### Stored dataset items
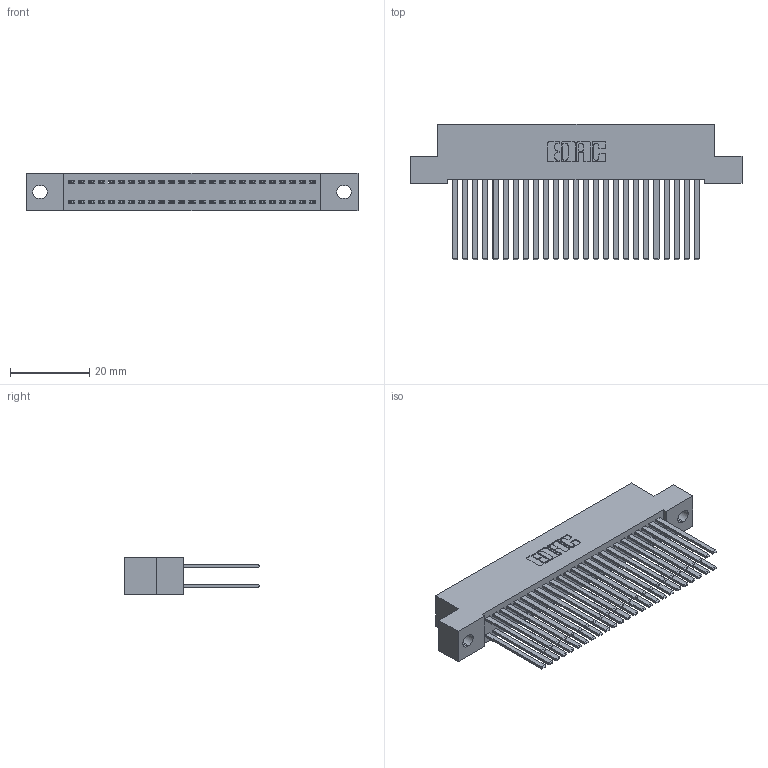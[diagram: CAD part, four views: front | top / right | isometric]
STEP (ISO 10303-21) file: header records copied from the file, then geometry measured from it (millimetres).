
FILE_DESCRIPTION (( 'STEP AP203' ), '1' );
FILE_NAME ('342-050-544-202.STEP', '2019-10-02T23:53:31', ( '' ), ( '' ), 'SwSTEP 2.0', 'SolidWorks 2016', '' );
FILE_SCHEMA (( 'CONFIG_CONTROL_DESIGN' ));
Length unit declared in the file: inch
Products named in the file (3): 342 Part_.128 Slot; 345-292-001_345-293-144; 342-050-544-202
Assembly tree (51 placements, depth 2):
  342-050-544-202
    342 Part_.128 Slot
    345-292-001_345-293-144  x50
Bounding box: 83.82 x 34.3 x 9.4 mm (x, y, z)
Volume: 8099.5 mm3; surface area: 14465.6 mm2
Topology: 51 solids, 51 shells, 2414 faces, 7161 edges, 4706 vertices
Faces by surface type: plane 1670, cylinder 744
Entity records: 18101 total; most frequent: CARTESIAN_POINT 3018, ORIENTED_EDGE 2954, DIRECTION 2605, EDGE_CURVE 1477, LINE 1353, VECTOR 1353, VERTEX_POINT 982, AXIS2_PLACEMENT_3D 626

### WORK ORDER
Omit the pictures; print the records above exactly.

### TASK OUTPUT
[diagram: CAD part, four views: front | top / right | isometric]
STEP (ISO 10303-21) file: header records copied from the file, then geometry measured from it (millimetres).
FILE_DESCRIPTION (( 'STEP AP203' ), '1' );
FILE_NAME ('342-050-544-202.STEP', '2019-10-02T23:53:31', ( '' ), ( '' ), 'SwSTEP 2.0', 'SolidWorks 2016', '' );
FILE_SCHEMA (( 'CONFIG_CONTROL_DESIGN' ));
Length unit declared in the file: inch
Products named in the file (3): 342 Part_.128 Slot; 345-292-001_345-293-144; 342-050-544-202
Assembly tree (51 placements, depth 2):
  342-050-544-202
    342 Part_.128 Slot
    345-292-001_345-293-144  x50
Bounding box: 83.82 x 34.3 x 9.4 mm (x, y, z)
Volume: 8099.5 mm3; surface area: 14465.6 mm2
Topology: 51 solids, 51 shells, 2414 faces, 7161 edges, 4706 vertices
Faces by surface type: plane 1670, cylinder 744
Entity records: 18101 total; most frequent: CARTESIAN_POINT 3018, ORIENTED_EDGE 2954, DIRECTION 2605, EDGE_CURVE 1477, LINE 1353, VECTOR 1353, VERTEX_POINT 982, AXIS2_PLACEMENT_3D 626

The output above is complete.